Gregory prese un respiro profondo, si riscosse tornando a guardare il pavimento. -Forse non è il caso- mormorò -non avrei dovuto farmi vedere in questo stato... perdonami- fece per alzarsi ma Cole lo bloccò rafforzando la presa che aveva sul suo braccio, stringendogli le dita attorno.
-Aspetta! Magari parlarne ti aiuterà- ovvio che fosse curioso di sapere la causa di tutto, ma prima di ogni cosa era preoccupato per lui e voleva aiutarlo, anche se fosse stata l'ultima cosa che avrebbe fatto. Gregory lo guardò pensieroso, non sapeva nemmeno lui se dirgli ogni cosa oppure girarci intorno e inventarsi qualcos'altro per non tirare fuori la dolente verità. Alla fine abbassò lo sguardo, guardando le sue scarpe, trovandole improvvisamente più interessanti. -Non lo so... vedi è solo un brutto ricordo che si è rifatto vivo... ancora- mormorò con voce insicura, ancora incerto su cosa poter dire al ragazzo.
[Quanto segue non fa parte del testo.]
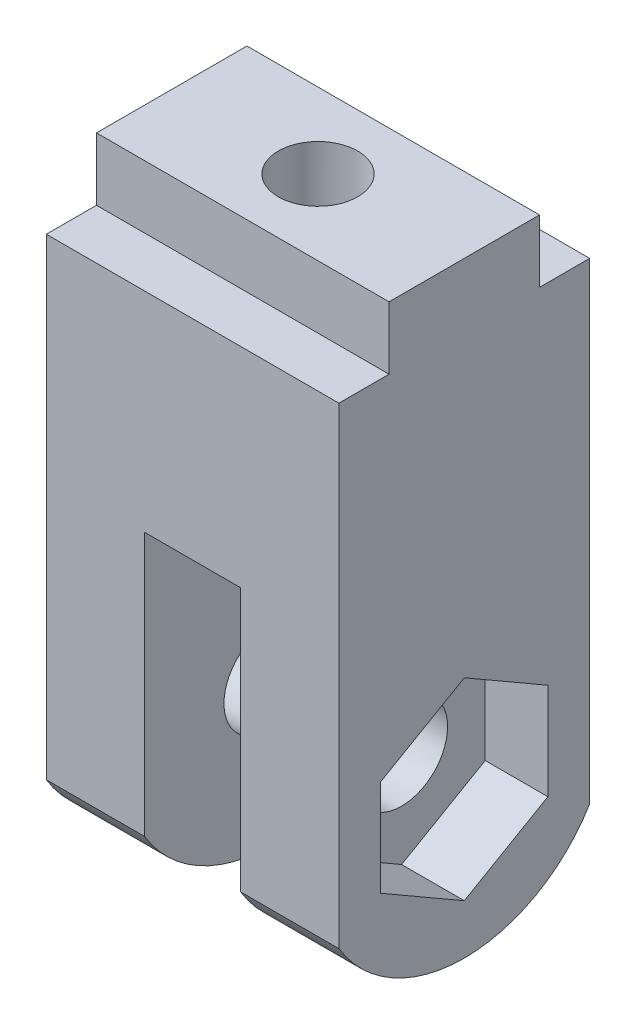
ISO-10303-21;
HEADER;
FILE_DESCRIPTION(('STEP AP214'),'2;1');
FILE_NAME('part.step','',(''),(''),'','','');
FILE_SCHEMA(('AUTOMOTIVE_DESIGN { 1 0 10303 214 1 1 1 1 }'));
ENDSEC;
DATA;
#1=APPLICATION_CONTEXT('core data for automotive mechanical design processes');
#2=APPLICATION_PROTOCOL_DEFINITION('international standard','automotive_design',2000,#1);
#3=PRODUCT_CONTEXT('',#1,'mechanical');
#4=PRODUCT('Part','Part','',(#3));
#5=PRODUCT_RELATED_PRODUCT_CATEGORY('part','',(#4));
#6=PRODUCT_DEFINITION_FORMATION('','',#4);
#7=PRODUCT_DEFINITION_CONTEXT('part definition',#1,'design');
#8=PRODUCT_DEFINITION('design','',#6,#7);
#9=PRODUCT_DEFINITION_SHAPE('','',#8);
#10=(LENGTH_UNIT() NAMED_UNIT(*) SI_UNIT(.MILLI.,.METRE.));
#11=(NAMED_UNIT(*) PLANE_ANGLE_UNIT() SI_UNIT($,.RADIAN.));
#12=(NAMED_UNIT(*) SI_UNIT($,.STERADIAN.) SOLID_ANGLE_UNIT());
#13=UNCERTAINTY_MEASURE_WITH_UNIT(LENGTH_MEASURE(1.E-05),#10,'distance_accuracy_value','');
#14=(GEOMETRIC_REPRESENTATION_CONTEXT(3) GLOBAL_UNCERTAINTY_ASSIGNED_CONTEXT((#13)) GLOBAL_UNIT_ASSIGNED_CONTEXT((#10,
#11,#12)) REPRESENTATION_CONTEXT('',''));
#15=CARTESIAN_POINT('',(0.,0.,0.));
#16=DIRECTION('',(0.,0.,1.));
#17=DIRECTION('',(1.,0.,0.));
#18=AXIS2_PLACEMENT_3D('',#15,#16,#17);
#19=CARTESIAN_POINT('',(3.5,26.,-20.7648230602334));
#20=DIRECTION('',(0.,1.,0.));
#21=DIRECTION('',(0.,0.,1.));
#22=AXIS2_PLACEMENT_3D('',#19,#20,#21);
#23=PLANE('',#22);
#24=DIRECTION('',(1.,0.,0.));
#25=VECTOR('',#24,1.);
#26=CARTESIAN_POINT('',(-3.5,26.,-1.2));
#27=LINE('',#26,#25);
#28=CARTESIAN_POINT('',(-3.5,26.,-1.2));
#29=VERTEX_POINT('',#28);
#30=CARTESIAN_POINT('',(3.5,26.,-1.2));
#31=VERTEX_POINT('',#30);
#32=EDGE_CURVE('E179',#29,#31,#27,.T.);
#33=ORIENTED_EDGE('',*,*,#32,.F.);
#34=DIRECTION('',(0.,0.,1.));
#35=VECTOR('',#34,1.);
#36=CARTESIAN_POINT('',(-3.5,26.,-20.7648230602334));
#37=LINE('',#36,#35);
#38=CARTESIAN_POINT('',(-3.5,26.,0.));
#39=VERTEX_POINT('',#38);
#40=EDGE_CURVE('E309',#29,#39,#37,.T.);
#41=ORIENTED_EDGE('',*,*,#40,.T.);
#42=DIRECTION('',(-1.,0.,0.));
#43=VECTOR('',#42,1.);
#44=CARTESIAN_POINT('',(3.5,26.,0.));
#45=LINE('',#44,#43);
#46=CARTESIAN_POINT('',(3.5,26.,0.));
#47=VERTEX_POINT('',#46);
#48=EDGE_CURVE('E296',#47,#39,#45,.T.);
#49=ORIENTED_EDGE('',*,*,#48,.F.);
#50=DIRECTION('',(0.,0.,1.));
#51=VECTOR('',#50,1.);
#52=CARTESIAN_POINT('',(3.5,26.,-20.7648230602334));
#53=LINE('',#52,#51);
#54=EDGE_CURVE('E49',#31,#47,#53,.T.);
#55=ORIENTED_EDGE('',*,*,#54,.F.);
#56=EDGE_LOOP('',(#33,#41,#49,#55));
#57=FACE_BOUND('',#56,.T.);
#58=ADVANCED_FACE('F32',(#57),#23,.T.);
#59=CARTESIAN_POINT('',(-3.5,16.5,-3.));
#60=DIRECTION('',(1.,0.,0.));
#61=DIRECTION('',(0.,1.,0.));
#62=AXIS2_PLACEMENT_3D('',#59,#60,#61);
#63=CYLINDRICAL_SURFACE('',#62,1.1);
#64=CARTESIAN_POINT('',(1.15,16.5,-3.));
#65=DIRECTION('',(-1.,0.,0.));
#66=DIRECTION('',(0.,-1.,0.));
#67=AXIS2_PLACEMENT_3D('',#64,#65,#66);
#68=CIRCLE('',#67,1.1);
#69=CARTESIAN_POINT('',(1.15,15.4,-3.));
#70=VERTEX_POINT('',#69);
#71=EDGE_CURVE('E269',#70,#70,#68,.T.);
#72=ORIENTED_EDGE('',*,*,#71,.T.);
#73=EDGE_LOOP('',(#72));
#74=FACE_BOUND('',#73,.T.);
#75=CARTESIAN_POINT('',(2.,16.5,-3.));
#76=DIRECTION('',(1.,0.,0.));
#77=DIRECTION('',(0.,0.,-1.));
#78=AXIS2_PLACEMENT_3D('',#75,#76,#77);
#79=CIRCLE('',#78,1.1);
#80=CARTESIAN_POINT('',(2.,16.5,-4.1));
#81=VERTEX_POINT('',#80);
#82=EDGE_CURVE('E239',#81,#81,#79,.F.);
#83=ORIENTED_EDGE('',*,*,#82,.F.);
#84=EDGE_LOOP('',(#83));
#85=FACE_BOUND('',#84,.T.);
#86=ADVANCED_FACE('F384',(#74,#85),#63,.F.);
#87=CARTESIAN_POINT('',(-3.5,26.,-20.7648230602334));
#88=DIRECTION('',(-1.,0.,0.));
#89=DIRECTION('',(0.,-1.,0.));
#90=AXIS2_PLACEMENT_3D('',#87,#88,#89);
#91=PLANE('',#90);
#92=CARTESIAN_POINT('',(-3.5,16.5,-3.));
#93=DIRECTION('',(1.,0.,0.));
#94=DIRECTION('',(0.,1.,0.));
#95=AXIS2_PLACEMENT_3D('',#92,#93,#94);
#96=CIRCLE('',#95,1.1);
#97=CARTESIAN_POINT('',(-3.5,17.6,-3.));
#98=VERTEX_POINT('',#97);
#99=EDGE_CURVE('E265',#98,#98,#96,.T.);
#100=ORIENTED_EDGE('',*,*,#99,.T.);
#101=EDGE_LOOP('',(#100));
#102=FACE_BOUND('',#101,.T.);
#103=DIRECTION('',(0.,1.,0.));
#104=VECTOR('',#103,1.);
#105=CARTESIAN_POINT('',(-3.5,26.,-6.));
#106=LINE('',#105,#104);
#107=CARTESIAN_POINT('',(-3.5,14.697224362268,-6.));
#108=VERTEX_POINT('',#107);
#109=CARTESIAN_POINT('',(-3.5,26.,-6.));
#110=VERTEX_POINT('',#109);
#111=EDGE_CURVE('E283',#108,#110,#106,.T.);
#112=ORIENTED_EDGE('',*,*,#111,.F.);
#113=CARTESIAN_POINT('',(-3.5,16.5,-3.));
#114=DIRECTION('',(1.,0.,0.));
#115=DIRECTION('',(0.,1.,0.));
#116=AXIS2_PLACEMENT_3D('',#113,#114,#115);
#117=CIRCLE('',#116,3.5);
#118=CARTESIAN_POINT('',(-3.5,14.697224362268,0.));
#119=VERTEX_POINT('',#118);
#120=EDGE_CURVE('E254',#119,#108,#117,.T.);
#121=ORIENTED_EDGE('',*,*,#120,.F.);
#122=DIRECTION('',(0.,-1.,0.));
#123=VECTOR('',#122,1.);
#124=CARTESIAN_POINT('',(-3.5,26.,0.));
#125=LINE('',#124,#123);
#126=EDGE_CURVE('E299',#39,#119,#125,.T.);
#127=ORIENTED_EDGE('',*,*,#126,.F.);
#128=ORIENTED_EDGE('',*,*,#40,.F.);
#129=DIRECTION('',(0.,-1.,0.));
#130=VECTOR('',#129,1.);
#131=CARTESIAN_POINT('',(-3.5,27.5,-1.2));
#132=LINE('',#131,#130);
#133=CARTESIAN_POINT('',(-3.5,27.5,-1.2));
#134=VERTEX_POINT('',#133);
#135=EDGE_CURVE('E188',#134,#29,#132,.T.);
#136=ORIENTED_EDGE('',*,*,#135,.F.);
#137=DIRECTION('',(0.,0.,1.));
#138=VECTOR('',#137,1.);
#139=CARTESIAN_POINT('',(-3.5,27.5,-1.2));
#140=LINE('',#139,#138);
#141=CARTESIAN_POINT('',(-3.5,27.5,-4.8));
#142=VERTEX_POINT('',#141);
#143=EDGE_CURVE('E169',#142,#134,#140,.T.);
#144=ORIENTED_EDGE('',*,*,#143,.F.);
#145=DIRECTION('',(0.,-1.,0.));
#146=VECTOR('',#145,1.);
#147=CARTESIAN_POINT('',(-3.5,27.5,-4.8));
#148=LINE('',#147,#146);
#149=CARTESIAN_POINT('',(-3.5,26.,-4.8));
#150=VERTEX_POINT('',#149);
#151=EDGE_CURVE('E166',#142,#150,#148,.T.);
#152=ORIENTED_EDGE('',*,*,#151,.T.);
#153=EDGE_CURVE('E276',#110,#150,#37,.T.);
#154=ORIENTED_EDGE('',*,*,#153,.F.);
#155=EDGE_LOOP('',(#112,#121,#127,#128,#136,#144,#152,#154));
#156=FACE_BOUND('',#155,.T.);
#157=ADVANCED_FACE('F348',(#102,#156),#91,.T.);
#158=CARTESIAN_POINT('',(3.5,13.,-20.7648230602334));
#159=DIRECTION('',(1.,0.,0.));
#160=DIRECTION('',(0.,1.,0.));
#161=AXIS2_PLACEMENT_3D('',#158,#159,#160);
#162=PLANE('',#161);
#163=DIRECTION('',(0.,0.499999999999998,0.86602540378444));
#164=VECTOR('',#163,1.);
#165=CARTESIAN_POINT('',(3.5,17.6547005383792,-5.));
#166=LINE('',#165,#164);
#167=CARTESIAN_POINT('',(3.5,17.6547005383792,-5.));
#168=VERTEX_POINT('',#167);
#169=CARTESIAN_POINT('',(3.5,18.8094010767585,-2.99999999999999));
#170=VERTEX_POINT('',#169);
#171=EDGE_CURVE('E184',#168,#170,#166,.T.);
#172=ORIENTED_EDGE('',*,*,#171,.F.);
#173=DIRECTION('',(0.,1.,0.));
#174=VECTOR('',#173,1.);
#175=CARTESIAN_POINT('',(3.5,15.3452994616207,-5.));
#176=LINE('',#175,#174);
#177=CARTESIAN_POINT('',(3.5,15.3452994616207,-5.));
#178=VERTEX_POINT('',#177);
#179=EDGE_CURVE('E208',#178,#168,#176,.T.);
#180=ORIENTED_EDGE('',*,*,#179,.F.);
#181=DIRECTION('',(0.,0.5,-0.866025403784439));
#182=VECTOR('',#181,1.);
#183=CARTESIAN_POINT('',(3.5,14.1905989232415,-3.));
#184=LINE('',#183,#182);
#185=CARTESIAN_POINT('',(3.5,14.1905989232415,-3.));
#186=VERTEX_POINT('',#185);
#187=EDGE_CURVE('E232',#186,#178,#184,.T.);
#188=ORIENTED_EDGE('',*,*,#187,.F.);
#189=DIRECTION('',(0.,-0.499999999999999,-0.866025403784439));
#190=VECTOR('',#189,1.);
#191=CARTESIAN_POINT('',(3.5,15.3452994616207,-0.999999999999997));
#192=LINE('',#191,#190);
#193=CARTESIAN_POINT('',(3.5,15.3452994616207,-0.999999999999997));
#194=VERTEX_POINT('',#193);
#195=EDGE_CURVE('E229',#194,#186,#192,.T.);
#196=ORIENTED_EDGE('',*,*,#195,.F.);
#197=DIRECTION('',(0.,-1.,0.));
#198=VECTOR('',#197,1.);
#199=CARTESIAN_POINT('',(3.5,17.6547005383792,-0.999999999999997));
#200=LINE('',#199,#198);
#201=CARTESIAN_POINT('',(3.5,17.6547005383792,-0.999999999999997));
#202=VERTEX_POINT('',#201);
#203=EDGE_CURVE('E226',#202,#194,#200,.T.);
#204=ORIENTED_EDGE('',*,*,#203,.F.);
#205=DIRECTION('',(0.,-0.499999999999999,0.866025403784439));
#206=VECTOR('',#205,1.);
#207=CARTESIAN_POINT('',(3.5,18.8094010767585,-2.99999999999999));
#208=LINE('',#207,#206);
#209=EDGE_CURVE('E186',#170,#202,#208,.T.);
#210=ORIENTED_EDGE('',*,*,#209,.F.);
#211=EDGE_LOOP('',(#172,#180,#188,#196,#204,#210));
#212=FACE_BOUND('',#211,.T.);
#213=CARTESIAN_POINT('',(3.5,16.5,-3.));
#214=DIRECTION('',(1.,0.,0.));
#215=DIRECTION('',(0.,1.,0.));
#216=AXIS2_PLACEMENT_3D('',#213,#214,#215);
#217=CIRCLE('',#216,3.5);
#218=CARTESIAN_POINT('',(3.5,14.697224362268,0.));
#219=VERTEX_POINT('',#218);
#220=CARTESIAN_POINT('',(3.5,14.697224362268,-6.));
#221=VERTEX_POINT('',#220);
#222=EDGE_CURVE('E253',#219,#221,#217,.T.);
#223=ORIENTED_EDGE('',*,*,#222,.T.);
#224=DIRECTION('',(0.,-1.,0.));
#225=VECTOR('',#224,1.);
#226=CARTESIAN_POINT('',(3.5,13.,-6.));
#227=LINE('',#226,#225);
#228=CARTESIAN_POINT('',(3.5,26.,-6.));
#229=VERTEX_POINT('',#228);
#230=EDGE_CURVE('E278',#229,#221,#227,.T.);
#231=ORIENTED_EDGE('',*,*,#230,.F.);
#232=CARTESIAN_POINT('',(3.5,26.,-4.8));
#233=VERTEX_POINT('',#232);
#234=EDGE_CURVE('E183',#229,#233,#53,.T.);
#235=ORIENTED_EDGE('',*,*,#234,.T.);
#236=DIRECTION('',(0.,-1.,0.));
#237=VECTOR('',#236,1.);
#238=CARTESIAN_POINT('',(3.5,27.5,-4.8));
#239=LINE('',#238,#237);
#240=CARTESIAN_POINT('',(3.5,27.5,-4.8));
#241=VERTEX_POINT('',#240);
#242=EDGE_CURVE('E164',#241,#233,#239,.T.);
#243=ORIENTED_EDGE('',*,*,#242,.F.);
#244=DIRECTION('',(0.,0.,-1.));
#245=VECTOR('',#244,1.);
#246=CARTESIAN_POINT('',(3.5,27.5,-1.2));
#247=LINE('',#246,#245);
#248=CARTESIAN_POINT('',(3.5,27.5,-1.2));
#249=VERTEX_POINT('',#248);
#250=EDGE_CURVE('E170',#249,#241,#247,.T.);
#251=ORIENTED_EDGE('',*,*,#250,.F.);
#252=DIRECTION('',(0.,-1.,0.));
#253=VECTOR('',#252,1.);
#254=CARTESIAN_POINT('',(3.5,27.5,-1.2));
#255=LINE('',#254,#253);
#256=EDGE_CURVE('E197',#249,#31,#255,.T.);
#257=ORIENTED_EDGE('',*,*,#256,.T.);
#258=ORIENTED_EDGE('',*,*,#54,.T.);
#259=DIRECTION('',(0.,1.,0.));
#260=VECTOR('',#259,1.);
#261=CARTESIAN_POINT('',(3.5,13.,0.));
#262=LINE('',#261,#260);
#263=EDGE_CURVE('E293',#219,#47,#262,.T.);
#264=ORIENTED_EDGE('',*,*,#263,.F.);
#265=EDGE_LOOP('',(#223,#231,#235,#243,#251,#257,#258,#264));
#266=FACE_BOUND('',#265,.T.);
#267=ADVANCED_FACE('F181',(#212,#266),#162,.T.);
#268=CARTESIAN_POINT('',(1.15,21.,-20.7648230602334));
#269=DIRECTION('',(-1.,0.,0.));
#270=DIRECTION('',(0.,-1.,0.));
#271=AXIS2_PLACEMENT_3D('',#268,#269,#270);
#272=PLANE('',#271);
#273=ORIENTED_EDGE('',*,*,#71,.F.);
#274=EDGE_LOOP('',(#273));
#275=FACE_BOUND('',#274,.T.);
#276=DIRECTION('',(0.,1.,0.));
#277=VECTOR('',#276,1.);
#278=CARTESIAN_POINT('',(1.15,21.,-6.));
#279=LINE('',#278,#277);
#280=CARTESIAN_POINT('',(1.15,14.697224362268,-6.));
#281=VERTEX_POINT('',#280);
#282=CARTESIAN_POINT('',(1.15,21.,-6.));
#283=VERTEX_POINT('',#282);
#284=EDGE_CURVE('E275',#281,#283,#279,.T.);
#285=ORIENTED_EDGE('',*,*,#284,.F.);
#286=CARTESIAN_POINT('',(1.15,16.5,-3.));
#287=DIRECTION('',(-1.,0.,0.));
#288=DIRECTION('',(0.,-1.,0.));
#289=AXIS2_PLACEMENT_3D('',#286,#287,#288);
#290=CIRCLE('',#289,3.5);
#291=CARTESIAN_POINT('',(1.15,14.697224362268,0.));
#292=VERTEX_POINT('',#291);
#293=EDGE_CURVE('E262',#281,#292,#290,.T.);
#294=ORIENTED_EDGE('',*,*,#293,.T.);
#295=DIRECTION('',(0.,-1.,0.));
#296=VECTOR('',#295,1.);
#297=CARTESIAN_POINT('',(1.15,21.,0.));
#298=LINE('',#297,#296);
#299=CARTESIAN_POINT('',(1.15,21.,0.));
#300=VERTEX_POINT('',#299);
#301=EDGE_CURVE('E290',#300,#292,#298,.T.);
#302=ORIENTED_EDGE('',*,*,#301,.F.);
#303=DIRECTION('',(0.,0.,1.));
#304=VECTOR('',#303,1.);
#305=CARTESIAN_POINT('',(1.15,21.,-20.7648230602334));
#306=LINE('',#305,#304);
#307=EDGE_CURVE('E322',#283,#300,#306,.T.);
#308=ORIENTED_EDGE('',*,*,#307,.F.);
#309=EDGE_LOOP('',(#285,#294,#302,#308));
#310=FACE_BOUND('',#309,.T.);
#311=ADVANCED_FACE('F371',(#275,#310),#272,.T.);
#312=CARTESIAN_POINT('',(-1.15,13.,-20.7648230602334));
#313=DIRECTION('',(1.,0.,0.));
#314=DIRECTION('',(0.,1.,0.));
#315=AXIS2_PLACEMENT_3D('',#312,#313,#314);
#316=PLANE('',#315);
#317=CARTESIAN_POINT('',(-1.15,16.5,-3.));
#318=DIRECTION('',(1.,0.,0.));
#319=DIRECTION('',(0.,1.,0.));
#320=AXIS2_PLACEMENT_3D('',#317,#318,#319);
#321=CIRCLE('',#320,1.1);
#322=CARTESIAN_POINT('',(-1.15,17.6,-3.));
#323=VERTEX_POINT('',#322);
#324=EDGE_CURVE('E268',#323,#323,#321,.T.);
#325=ORIENTED_EDGE('',*,*,#324,.F.);
#326=EDGE_LOOP('',(#325));
#327=FACE_BOUND('',#326,.T.);
#328=CARTESIAN_POINT('',(-1.15,16.5,-3.));
#329=DIRECTION('',(1.,0.,0.));
#330=DIRECTION('',(0.,1.,0.));
#331=AXIS2_PLACEMENT_3D('',#328,#329,#330);
#332=CIRCLE('',#331,3.5);
#333=CARTESIAN_POINT('',(-1.15,14.697224362268,0.));
#334=VERTEX_POINT('',#333);
#335=CARTESIAN_POINT('',(-1.15,14.697224362268,-6.));
#336=VERTEX_POINT('',#335);
#337=EDGE_CURVE('E260',#334,#336,#332,.T.);
#338=ORIENTED_EDGE('',*,*,#337,.T.);
#339=DIRECTION('',(0.,-1.,0.));
#340=VECTOR('',#339,1.);
#341=CARTESIAN_POINT('',(-1.15,13.,-6.));
#342=LINE('',#341,#340);
#343=CARTESIAN_POINT('',(-1.15,21.,-6.));
#344=VERTEX_POINT('',#343);
#345=EDGE_CURVE('E285',#344,#336,#342,.T.);
#346=ORIENTED_EDGE('',*,*,#345,.F.);
#347=DIRECTION('',(0.,0.,1.));
#348=VECTOR('',#347,1.);
#349=CARTESIAN_POINT('',(-1.15,21.,-20.7648230602334));
#350=LINE('',#349,#348);
#351=CARTESIAN_POINT('',(-1.15,21.,0.));
#352=VERTEX_POINT('',#351);
#353=EDGE_CURVE('E302',#344,#352,#350,.T.);
#354=ORIENTED_EDGE('',*,*,#353,.T.);
#355=DIRECTION('',(0.,1.,0.));
#356=VECTOR('',#355,1.);
#357=CARTESIAN_POINT('',(-1.15,13.,0.));
#358=LINE('',#357,#356);
#359=EDGE_CURVE('E272',#334,#352,#358,.T.);
#360=ORIENTED_EDGE('',*,*,#359,.F.);
#361=EDGE_LOOP('',(#338,#346,#354,#360));
#362=FACE_BOUND('',#361,.T.);
#363=ADVANCED_FACE('F34',(#327,#362),#316,.T.);
#364=CARTESIAN_POINT('',(0.,0.,-6.));
#365=DIRECTION('',(0.,0.,1.));
#366=DIRECTION('',(1.,0.,0.));
#367=AXIS2_PLACEMENT_3D('',#364,#365,#366);
#368=PLANE('',#367);
#369=DIRECTION('',(1.,0.,0.));
#370=VECTOR('',#369,1.);
#371=CARTESIAN_POINT('',(-3.5,14.697224362268,-6.));
#372=LINE('',#371,#370);
#373=EDGE_CURVE('E250',#108,#336,#372,.T.);
#374=ORIENTED_EDGE('',*,*,#373,.F.);
#375=ORIENTED_EDGE('',*,*,#111,.T.);
#376=DIRECTION('',(1.,0.,0.));
#377=VECTOR('',#376,1.);
#378=CARTESIAN_POINT('',(3.5,26.,-6.));
#379=LINE('',#378,#377);
#380=EDGE_CURVE('E281',#110,#229,#379,.T.);
#381=ORIENTED_EDGE('',*,*,#380,.T.);
#382=ORIENTED_EDGE('',*,*,#230,.T.);
#383=DIRECTION('',(1.,0.,0.));
#384=VECTOR('',#383,1.);
#385=CARTESIAN_POINT('',(-3.5,14.697224362268,-6.));
#386=LINE('',#385,#384);
#387=EDGE_CURVE('E11',#281,#221,#386,.T.);
#388=ORIENTED_EDGE('',*,*,#387,.F.);
#389=ORIENTED_EDGE('',*,*,#284,.T.);
#390=DIRECTION('',(-1.,0.,0.));
#391=VECTOR('',#390,1.);
#392=CARTESIAN_POINT('',(-1.15,21.,-6.));
#393=LINE('',#392,#391);
#394=EDGE_CURVE('E273',#283,#344,#393,.T.);
#395=ORIENTED_EDGE('',*,*,#394,.T.);
#396=ORIENTED_EDGE('',*,*,#345,.T.);
#397=EDGE_LOOP('',(#374,#375,#381,#382,#388,#389,#395,#396));
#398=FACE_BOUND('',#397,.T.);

-Qualcuno che ti ha fatto qualcosa? O che... forse... non c'è più?- le ultime parole le aveva praticamente mormorate più a sé stesso, si ricordò di quel giorno in cui lo sentì dire al telefono l'esatta frase "lo so che è morto, mamma, non ripeterlo!" Quella frase gli era rimasta impressa nella memoria ed era l'unica cosa che potesse collegare e dare una spiegaziome all'umore attuale di Greg. Quest'ultimo sembrò aver sentito, lo guardò attento e sorpreso, ma Cole parlò prima che potesse farlo lui.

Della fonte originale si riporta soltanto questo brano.